Evaluierung der funktionellen Operabilität
Das strategische Vorgehen ist in den klinischen Guidelines der European Respiratory Society (ERS)/European Society of Thoracic Surgeons (ESTS) festgelegt. Zunächst sollte ein kardiales Risiko ausgeschlossen werden. Bei anamnestischem oder klinischem Verdacht auf eine kardiale Komorbidität sollte ein kardiologisches Konsil eingeholt werden. Bei erforderlicher koronarer Intervention sollte eine Lungenoperation für zumindest sechs Wochen postponiert werden. Im gegenteiligen Fall kann der Patient direkt der weiterführenden Lungenfunktionstestung unterzogen werden.

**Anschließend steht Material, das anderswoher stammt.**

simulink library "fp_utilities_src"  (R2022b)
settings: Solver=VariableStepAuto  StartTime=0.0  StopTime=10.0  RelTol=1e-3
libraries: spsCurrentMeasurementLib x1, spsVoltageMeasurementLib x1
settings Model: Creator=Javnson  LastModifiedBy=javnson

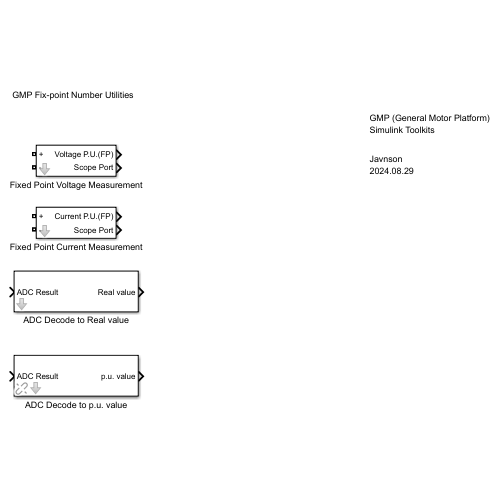
[thumbnail: Simulink's stored preview of the top-level diagram]
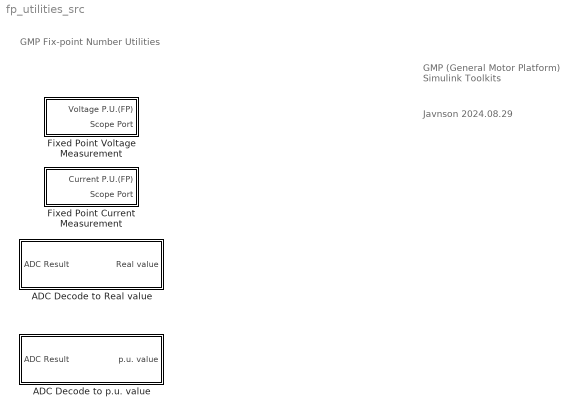
== system fp_utilities_src ==
  note: GMP Fix-point Number Utilities
  note: GMP (General Motor Platform)
      | Simulink Toolkits
  note: Javnson
      | 2024.08.29
  ADC Decode to Real value : Subsystem  mask{ADC_GAIN=1, ADC_BIT=16, ADC_REF=750, ADC_BIAS=385}
      settings: CopyFcn=set_param(gcbh,'LinkStatus','none');
      mask DialogControl DescGroupVar Prompt: ADC Decoder
      mask DialogControl DescTextVar Prompt: GMP CTL Simulink Utilities: virtual peripherals
      mask DialogControl Control2 Prompt: Transfer adc sample result to real value.
      mask DialogControl ParameterGroupVar Prompt: 参数
      mask DialogControl Control3 Prompt: ADC Voltage Gain (Scale Factor):
      mask DialogControl Control4 Prompt: ADC resolution:
      mask DialogControl Control5 Prompt: ADC reference Voltage (V), when ADC_GAIN=1, ADC_REF = ADC full scale
      mask DialogControl Control6 Prompt: ADC Bias Voltage(V)
  ADC Decode to p.u. value : Subsystem  AncestorBlock=fp_utilities/ADC Decode to Real value  mask{ADC_GAIN=1, ADC_BIT=16, ADC_REF=750, ADC_BIAS=385}
      settings: CopyFcn=set_param(gcbh,'LinkStatus','none');
      mask DialogControl DescGroupVar Prompt: ADC Decoder
      mask DialogControl DescTextVar Prompt: GMP CTL Simulink Utilities: virtual peripherals
      mask DialogControl Control2 Prompt: Transfer adc sample result to real value.
      mask DialogControl ParameterGroupVar Prompt: 参数
      mask DialogControl Control3 Prompt: ADC Voltage Gain (Scale Factor):
      mask DialogControl Control4 Prompt: ADC resolution:
      mask DialogControl Control5 Prompt: ADC reference Voltage (V), when ADC_GAIN=1, ADC_REF = ADC full scale
      mask DialogControl Control6 Prompt: ADC Bias Voltage(V)
  Fixed Point Current Measurement : Subsystem  mask{PerUnit_Base=60, Q_VALUE=24}
      mask prompts: PerUnit_Base "PerUnit_Base (A) :"; Q_VALUE "Q_num"
      settings: CopyFcn=set_param(gcbh,'LinkStatus','none');
      mask DialogControl DescGroupVar Prompt: Fixed Point Voltage Measurement
      mask DialogControl DescTextVar Prompt: Measure a voltage value and transfer the real value (double type) to perunit value(int32_t).
      mask DialogControl Control2 Prompt: Parameter per unit base value:
      mask DialogControl Control3 Prompt: Fixed-point Number Q value:
  Fixed Point Voltage Measurement : Subsystem  mask{PerUnit_Base=60, Q_VALUE=24}
      mask prompts: PerUnit_Base "PerUnit_Base (V) :"; Q_VALUE "Q_num"
      mask DialogControl DescGroupVar Prompt: Fixed Point Voltage Measurement
      mask DialogControl DescTextVar Prompt: Measure a voltage value and transfer the real value (double type) to perunit value(int32_t).
      mask DialogControl Control2 Prompt: Parameter per unit base value:
      mask DialogControl Control3 Prompt: Fixed-point Number Q value:

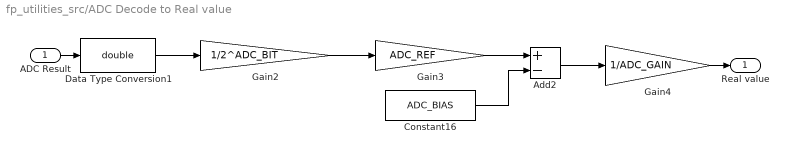
== system fp_utilities_src/ADC Decode to Real value ==
  ADC Result : Inport
  Add2 : Sum  Inputs=+-
  Constant16 : Constant  Value=ADC_BIAS
  Data Type Conversion1 : DataTypeConversion  OutDataTypeStr=double  SaturateOnIntegerOverflow=off  RndMeth=Floor
  Gain2 : Gain  Gain=1/2^ADC_BIT
  Gain3 : Gain  Gain=ADC_REF
  Gain4 : Gain  Gain=1/ADC_GAIN
  Real value : Outport
  wires:
  Data Type Conversion1/1 -> Gain2/1
  Gain3/1 -> Add2/1
  Add2/1 -> Gain4/1
  Gain4/1 -> Real value/1
  Constant16/1 -> Add2/2
  Gain2/1 -> Gain3/1
  ADC Result/1 -> Data Type Conversion1/1

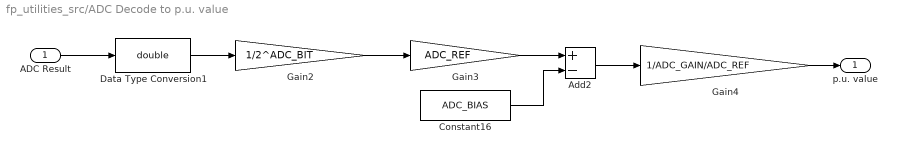
== system fp_utilities_src/ADC Decode to p.u. value ==
  ADC Result : Inport
  Add2 : Sum  Inputs=+-
  Constant16 : Constant  Value=ADC_BIAS
  Data Type Conversion1 : DataTypeConversion  OutDataTypeStr=double  SaturateOnIntegerOverflow=off  RndMeth=Floor
  Gain2 : Gain  Gain=1/2^ADC_BIT
  Gain3 : Gain  Gain=ADC_REF
  Gain4 : Gain  Gain=1/ADC_GAIN/ADC_REF
  p.u. value : Outport
  wires:
  Data Type Conversion1/1 -> Gain2/1
  Gain3/1 -> Add2/1
  Add2/1 -> Gain4/1
  Gain4/1 -> p.u. value/1
  Constant16/1 -> Add2/2
  Gain2/1 -> Gain3/1
  ADC Result/1 -> Data Type Conversion1/1

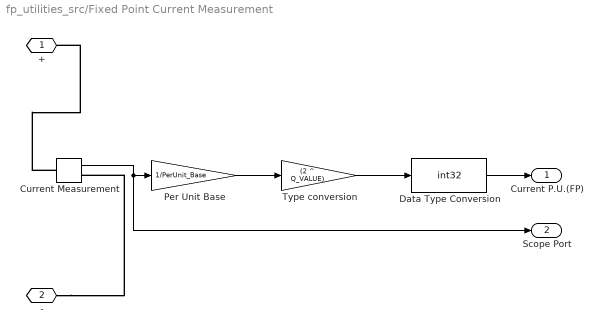
== system fp_utilities_src/Fixed Point Current Measurement ==
  Current Measurement : spsCurrentMeasurementLib/Current Measurement  PhasorSimulation=off  OutputType=Complex  PSBequivalent=0
  Data Type Conversion : DataTypeConversion  OutDataTypeStr=int32  ConvertRealWorld=Stored Integer (SI)  SaturateOnIntegerOverflow=off  RndMeth=Floor  LockScale=on
  Per Unit Base : Gain  Gain=1/PerUnit_Base
  Type conversion : Gain  Gain=(2 ^ Q_VALUE)
  + : PMIOPort  Side=Left
  - : PMIOPort  Port=2  Side=Left
  Current P.U.(FP) : Outport
  Scope Port : Outport  Port=2
  wires:
  Per Unit Base/1 -> Type conversion/1
  Type conversion/1 -> Data Type Conversion/1
  Data Type Conversion/1 -> Current P.U.(FP)/1
  Current Measurement/1 -> Scope Port/1, Per Unit Base/1
  connections:
  -/RConn1 -- Current Measurement/RConn1
  Current Measurement/LConn1 -- +/RConn1

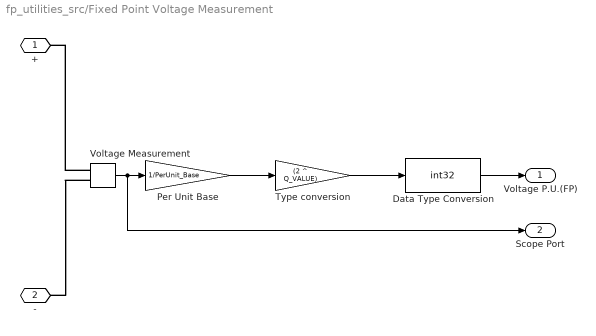
== system fp_utilities_src/Fixed Point Voltage Measurement ==
  Data Type Conversion : DataTypeConversion  OutDataTypeStr=int32  ConvertRealWorld=Stored Integer (SI)  SaturateOnIntegerOverflow=off  RndMeth=Floor  LockScale=on
  Per Unit Base : Gain  Gain=1/PerUnit_Base
  Type conversion : Gain  Gain=(2 ^ Q_VALUE)
  Voltage Measurement : spsVoltageMeasurementLib/Voltage Measurement  PhasorSimulation=off  OutputType=Complex  PSBequivalent=0
  + : PMIOPort  Side=Left
  - : PMIOPort  Port=2  Side=Left
  Voltage P.U.(FP) : Outport
  Scope Port : Outport  Port=2
  wires:
  Per Unit Base/1 -> Type conversion/1
  Type conversion/1 -> Data Type Conversion/1
  Data Type Conversion/1 -> Voltage P.U.(FP)/1
  Voltage Measurement/1 -> Scope Port/1, Per Unit Base/1
  connections:
  Voltage Measurement/LConn2 -- -/RConn1
  Voltage Measurement/LConn1 -- +/RConn1

Wenn in der Bodyplethysmografie entweder die FEV1 oder die DLCO unter 80% liegt, soll eine Spiroergometrie mit Ermittlung der VO2max eingeleitet werden. Wenn dieser Wert unter 35% respektive unter 10ml/kg/min liegt, ist ein operatives Vorgehen nicht empfohlen. Liegt der ermittelte Wert zwischen 35 und 75% bzw. 10 und 20ml/kg/min, ist eine Resektion unter erhöhtem Risiko möglich. Zur weiterführenden Berechnung des individuellen Patientenrisikos wurden von der ESTS sowie der französischen Fachgesellschaft Risiko- Scores entwickelt. Diese berücksichtigen auch die relevanten Nebenerkrankungen.